On the stellar clustering and architecture of planetary systems

TL;DR

This study investigates whether stellar clustering influences planetary orbital architecture, finding mixed results and highlighting the complexity of factors like age and environment in shaping planetary systems.

Contribution

It provides an analysis of the impact of stellar clustering on planetary orbital periods using homogeneous samples, revealing no clear link and emphasizing the need for larger datasets.

Findings

No significant difference in planetary periods between cluster and field stars in smaller samples.

A significant difference emerges with larger samples, but age differences complicate interpretation.

The mechanisms shaping planetary orbits in clustered environments remain unclear, indicating complex underlying processes.

Abstract

Revealing the mechanisms shaping the architecture of planetary systems is crucial for our understanding of their formation and evolution. In this context, it has been recently proposed that stellar clustering might be the key in shaping the orbital architecture of exoplanets. The main goal of this work is to explore the factors that shape the orbits of planets. We used a homogeneous sample of relatively young FGK dwarf stars with RV detected planets and tested the hypothesis that their association to phase space (position-velocity) over-densities ('cluster' stars) and under-densities ('field' stars) impacts the orbital periods of planets. When controlling for the host star properties, on a sample of 52 planets orbiting around 'cluster' stars and 15 planets orbiting around 'field' star, we found no significant difference in the period distribution of planets orbiting these two populations of stars. By considering an extended sample of 73 planets orbiting around 'cluster' stars and 25 planets orbiting 'field' stars, a significant different in the planetary period distributions emerged. However, the hosts associated to stellar under-densities appeared to be significantly older than their 'cluster' counterparts. This did not allow us to conclude whether the planetary architecture is related to age, environment, or both.
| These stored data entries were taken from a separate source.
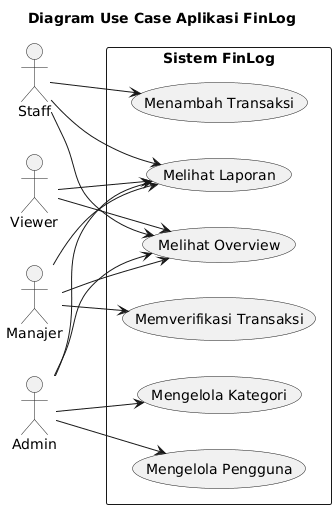

The diagram above was rendered by PlantUML. Its source (embedded in the PNG):
@startuml
' Judul Diagram
title Diagram Use Case Aplikasi FinLog

' Gaya
left to right direction
skinparam packageStyle rectangle

' Definisi Aktor
actor Viewer
actor Staff
actor Manajer
actor Admin

' Definisi Use Case dalam sebuah paket (sistem)
rectangle "Sistem FinLog" {
  usecase "Melihat Overview" as UC_OVERVIEW
  usecase "Melihat Laporan" as UC_REPORT

  usecase "Menambah Transaksi" as UC_ADD_TRX

  usecase "Memverifikasi Transaksi" as UC_VERIFY_TRX

  usecase "Mengelola Pengguna" as UC_MANAGE_USER
  usecase "Mengelola Kategori" as UC_MANAGE_CAT
}

' --- Hak Akses Viewer (Tamu) ---
Viewer --> UC_OVERVIEW
Viewer --> UC_REPORT

' --- Hak Akses Staff ---
Staff --> UC_OVERVIEW
Staff --> UC_REPORT
Staff --> UC_ADD_TRX

' --- Hak Akses Manajer ---
Manajer --> UC_OVERVIEW
Manajer --> UC_REPORT
Manajer --> UC_VERIFY_TRX

' --- Hak Akses Admin ---
Admin --> UC_OVERVIEW
Admin --> UC_REPORT
Admin --> UC_MANAGE_USER
Admin --> UC_MANAGE_CAT
@enduml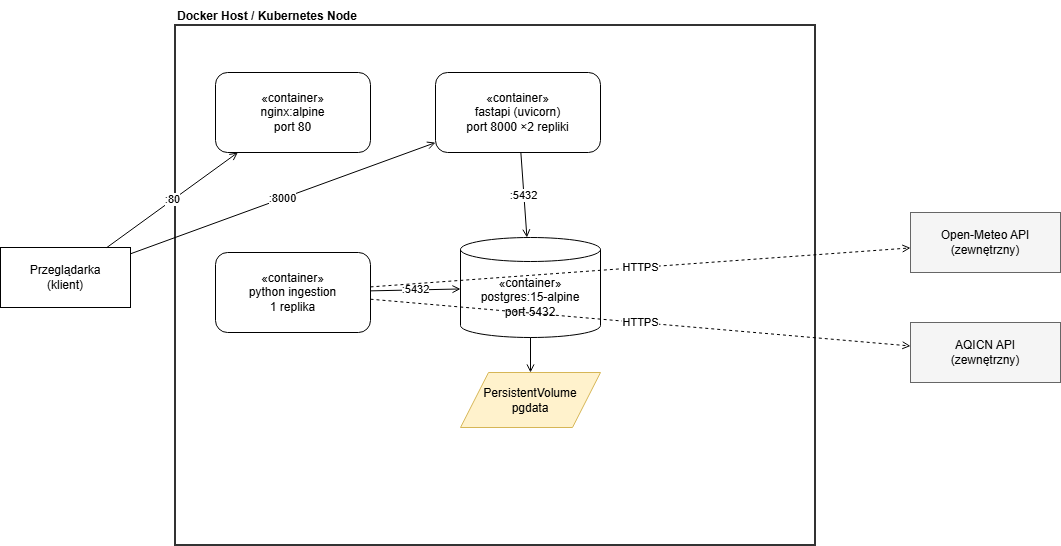

The diagram above was exported from draw.io. Its source (the exported page's mxGraphModel, read from the mxfile embedded in the PNG):
<mxGraphModel dx="1098" dy="816" grid="1" gridSize="10" guides="1" tooltips="1" connect="1" arrows="1" fold="1" page="1" pageScale="1" pageWidth="1169" pageHeight="827" math="0" shadow="0">
  <root>
    <mxCell id="0" />
    <mxCell id="1" parent="0" />
    <mxCell id="2" parent="1" style="rounded=0;whiteSpace=wrap;html=1;" value="Przeglądarka&#10;(klient)" vertex="1">
      <mxGeometry height="60" width="130" x="20" y="295" as="geometry" />
    </mxCell>
    <mxCell id="3" parent="1" style="text;html=1;align=left;verticalAlign=bottom;fontStyle=1;fontSize=12;" value="Docker Host / Kubernetes Node" vertex="1">
      <mxGeometry height="25" width="290" x="195" y="48" as="geometry" />
    </mxCell>
    <mxCell id="4" parent="1" style="rounded=0;whiteSpace=wrap;html=1;fillColor=none;strokeColor=#333333;strokeWidth=2;" value="" vertex="1">
      <mxGeometry height="520" width="640" x="195" y="73" as="geometry" />
    </mxCell>
    <mxCell id="5" parent="1" style="rounded=1;whiteSpace=wrap;html=1;" value="«container»&#10;nginx:alpine&#10;port 80" vertex="1">
      <mxGeometry height="80" width="155" x="235" y="120" as="geometry" />
    </mxCell>
    <mxCell id="6" parent="1" style="rounded=1;whiteSpace=wrap;html=1;" value="«container»&#10;fastapi (uvicorn)&#10;port 8000  ×2 repliki" vertex="1">
      <mxGeometry height="80" width="165" x="455" y="120" as="geometry" />
    </mxCell>
    <mxCell id="7" parent="1" style="rounded=1;whiteSpace=wrap;html=1;" value="«container»&#10;python ingestion&#10;1 replika" vertex="1">
      <mxGeometry height="80" width="155" x="235" y="300" as="geometry" />
    </mxCell>
    <mxCell id="8" parent="1" style="shape=cylinder3;whiteSpace=wrap;html=1;boundedLbl=1;backgroundOutline=1;size=12;" value="«container»&#10;postgres:15-alpine&#10;port 5432" vertex="1">
      <mxGeometry height="100" width="140" x="480" y="285" as="geometry" />
    </mxCell>
    <mxCell id="9" parent="1" style="shape=parallelogram;whiteSpace=wrap;html=1;fillColor=#fff2cc;strokeColor=#d6b656;" value="PersistentVolume&#10;pgdata" vertex="1">
      <mxGeometry height="55" width="140" x="480" y="420" as="geometry" />
    </mxCell>
    <mxCell id="10" parent="1" style="rounded=0;whiteSpace=wrap;html=1;fillColor=#f5f5f5;strokeColor=#666666;" value="Open-Meteo API&#10;(zewnętrzny)" vertex="1">
      <mxGeometry height="60" width="150" x="930" y="260" as="geometry" />
    </mxCell>
    <mxCell id="11" parent="1" style="rounded=0;whiteSpace=wrap;html=1;fillColor=#f5f5f5;strokeColor=#666666;" value="AQICN API&#10;(zewnętrzny)" vertex="1">
      <mxGeometry height="60" width="150" x="930" y="370" as="geometry" />
    </mxCell>
    <mxCell id="12" edge="1" parent="1" source="2" style="html=1;endArrow=open;endFill=0;" target="5" value=":80">
      <mxGeometry relative="1" as="geometry" />
    </mxCell>
    <mxCell id="13" edge="1" parent="1" source="2" style="html=1;endArrow=open;endFill=0;" target="6" value=":8000">
      <mxGeometry relative="1" as="geometry" />
    </mxCell>
    <mxCell id="14" edge="1" parent="1" source="6" style="html=1;endArrow=open;endFill=0;" target="8" value=":5432">
      <mxGeometry relative="1" as="geometry" />
    </mxCell>
    <mxCell id="15" edge="1" parent="1" source="7" style="html=1;endArrow=open;endFill=0;" target="8" value=":5432">
      <mxGeometry relative="1" as="geometry" />
    </mxCell>
    <mxCell id="16" edge="1" parent="1" source="8" style="html=1;endArrow=open;endFill=0;" target="9" value="">
      <mxGeometry relative="1" as="geometry" />
    </mxCell>
    <mxCell id="17" edge="1" parent="1" source="7" style="html=1;endArrow=open;endFill=0;dashed=1;" target="10" value="HTTPS">
      <mxGeometry relative="1" as="geometry" />
    </mxCell>
    <mxCell id="18" edge="1" parent="1" source="7" style="html=1;endArrow=open;endFill=0;dashed=1;" target="11" value="HTTPS">
      <mxGeometry relative="1" as="geometry" />
    </mxCell>
  </root>
</mxGraphModel>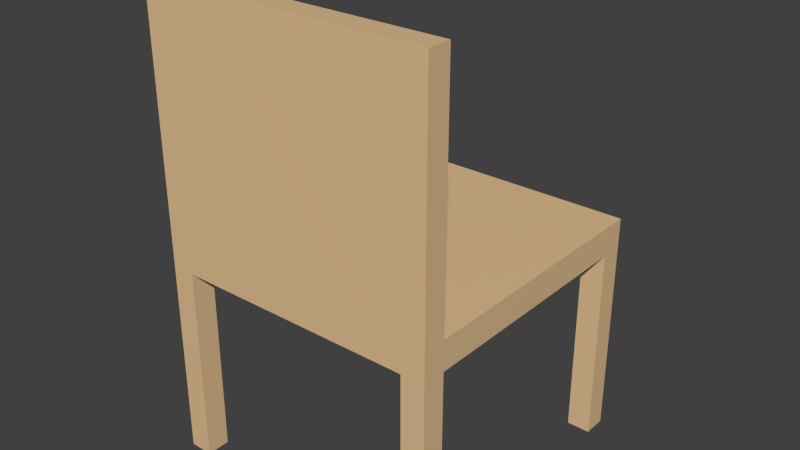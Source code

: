 # Source: chair2.blend  (saved by Blender 2.80.75; exported with 4.5.12 LTS)
import bpy
from mathutils import Matrix  # noqa: F401  (used for matrix-valued properties, if any)

bpy.ops.wm.read_factory_settings(use_empty=True)
scene = bpy.context.scene
scene.name = 'Scene'

# ---- collections
col_collection_1 = bpy.data.collections.new('Collection 1'); scene.collection.children.link(col_collection_1)

# ---- materials (node trees are filled in below, after node groups)
mat_cgair = bpy.data.materials.new('Cgair')
mat_cgair.alpha_threshold = 0.0
mat_cgair.use_transparent_shadow = False
mat_cgair.diffuse_color = (0.8, 0.5517, 0.3008, 1.0)
mat_cgair.roughness = 0.5
mat_cgair.specular_intensity = 0.2

# ---- material node trees
mat_cgair.use_nodes = True; mat_cgair.node_tree.nodes.clear()
_N = mat_cgair.node_tree.nodes; _L = mat_cgair.node_tree.links
n0 = _N.new('ShaderNodeOutputMaterial'); n0.name = 'Material Output'; n0.location = (300, 300)
n1 = _N.new('ShaderNodeBsdfPrincipled'); n1.name = 'Principled BSDF'; n1.location = (10, 300)
n1.distribution = 'GGX'
n1.subsurface_method = 'BURLEY'
n1.inputs[0].default_value = (0.8, 0.5517, 0.3008, 1.0)
n1.inputs[3].default_value = 1.45
n1.inputs[27].default_value = (0.0, 0.0, 0.0, 1.0)
n1.inputs[28].default_value = 1.0
_L.new(n1.outputs[0], n0.inputs[0])
n0.is_active_output = True

# ---- world
world_world = bpy.data.worlds.new('World'); scene.world = world_world
world_world.color = (0.05088, 0.05088, 0.05088)
world_world.use_sun_shadow = False
world_world.sun_shadow_jitter_overblur = 0.0
world_world.cycles.sampling_method = 'MANUAL'
world_world.cycles.sample_map_resolution = 256

# ---- meshes
me_001 = bpy.data.meshes.new('立方体.001')
me_001.from_pydata([(-0.245, -0.245, 0.05), (-0.245, 0.245, 0.05), (-0.245, 0.245, -0.34), (-0.245, 0.205, -0.34), (-0.245, 0.205, -2.98e-08), (-0.245, -0.205, -2.98e-08), (-0.245, -0.205, -0.34), (-0.245, -0.245, -0.34), (0.245, -0.245, 0.05), (-0.205, -0.245, -0.34), (-0.205, -0.245, -2.98e-08), (0.205, -0.245, -2.98e-08), (0.205, -0.245, -0.34), (0.245, -0.245, -0.34), (0.245, 0.245, 0.05), (0.245, 0.245, -0.34), (0.205, 0.245, -0.34), (0.205, 0.245, -2.98e-08), (-0.205, 0.245, -2.98e-08), (-0.205, 0.245, -0.34), (-0.205, 0.205, -0.34), (-0.205, -0.205, -0.34), (0.245, -0.205, -0.34), (0.245, -0.205, -2.98e-08), (0.245, 0.205, -2.98e-08), (0.245, 0.205, -0.34), (-0.205, -0.205, -2.98e-08), (0.205, -0.205, -2.98e-08), (0.205, -0.205, -0.34), (0.205, 0.205, -0.34), (0.205, 0.205, -2.98e-08), (-0.205, 0.205, -2.98e-08), (-0.245, -0.245, 0.45), (0.245, -0.245, 0.45), (-0.245, -0.205, 0.05), (0.245, -0.205, 0.05), (-0.245, -0.205, 0.45), (0.245, -0.205, 0.45)], [], [(0, 1, 2, 3, 4, 5, 6, 7), (8, 0, 7, 9, 10, 11, 12, 13), (14, 1, 34, 35), (1, 14, 15, 16, 17, 18, 19, 2), (3, 2, 19, 20), (21, 7, 6), (14, 8, 13, 22, 23, 24, 25, 15), (21, 9, 7), (10, 9, 21, 26), (11, 10, 26, 27), (11, 27, 28, 12), (28, 22, 13, 12), (16, 15, 29), (30, 17, 16, 29), (30, 31, 18, 17), (19, 18, 31, 20), (29, 15, 25), (27, 26, 31, 30), (4, 3, 20, 31), (31, 26, 5, 4), (26, 21, 6, 5), (30, 29, 25, 24), (24, 23, 27, 30), (23, 22, 28, 27), (14, 35, 37, 33, 8), (0, 8, 33, 32), (35, 34, 36, 37), (37, 36, 32, 33), (0, 32, 36, 34, 1)])
me_001.materials.append(mat_cgair)
me_001.use_remesh_preserve_volume = False
me_001.use_remesh_preserve_attributes = False
me_001.use_mirror_vertex_groups = False
me_001.update()

# ---- objects
ob_chair = bpy.data.objects.new('Chair', me_001)

# ---- transforms, parenting, visibility, modifiers, constraints
ob_chair.location = (0.0, 0.0, 0.34)
ob_chair.lineart.crease_threshold = 0.0

# ---- collection membership
col_collection_1.objects.link(ob_chair)

# ---- scene / render settings (as saved in the file)
scene.frame_start = 1; scene.frame_end = 250; scene.frame_set(1)
scene.render.engine = 'BLENDER_EEVEE_NEXT'
scene.render.resolution_percentage = 50
scene.render.dither_intensity = 0.0
scene.cycles.use_denoising = False
scene.cycles.samples = 1024
scene.cycles.sampling_pattern = 'TABULATED_SOBOL'
scene.cycles.light_sampling_threshold = 0.0
scene.cycles.use_adaptive_sampling = False
scene.cycles.use_light_tree = False
scene.cycles.blur_glossy = 0.0
scene.cycles.pixel_filter_type = 'GAUSSIAN'
scene.cycles.sample_clamp_indirect = 0.0
scene.view_settings.view_transform = 'Standard'
bpy.context.view_layer.update()

# ---- added for rendering (the .blend has no active camera and no usable light): camera, sun
cam_auto = bpy.data.cameras.new('AutoCamera')
cam_auto.lens = 50.0
cam_auto.sensor_width = 36.0
cam_auto.clip_end = 1000.0
ob_auto_camera = bpy.data.objects.new('AutoCamera', cam_auto)
scene.collection.objects.link(ob_auto_camera)
ob_auto_camera.location = (0.972279, -1.16673, 1.17282)
ob_auto_camera.rotation_euler = (1.09748, -7.21219e-08, 0.694738)
scene.camera = ob_auto_camera
light_auto_sun = bpy.data.lights.new('AutoSun', 'SUN')
light_auto_sun.energy = 3.0
light_auto_sun.angle = 0.0523599
ob_auto_sun = bpy.data.objects.new('AutoSun', light_auto_sun)
scene.collection.objects.link(ob_auto_sun)
ob_auto_sun.rotation_euler = (0.872665, 0.174533, 0.523599)
bpy.context.view_layer.update()

We further studied a sample of planets orbiting 'cluster' stars to study the mechanism responsible for the shaping of orbits of planets in similar environments. We could not identify a parameter that can unambiguously be responsible for the orbital architecture of massive planets, perhaps, indicating the complexity of the issue. Conclusions. Increased number of planets in clusters and in over-density environments will help to build large and unbiased samples which will then allow to better understand the dominant processes shaping the orbits of planets.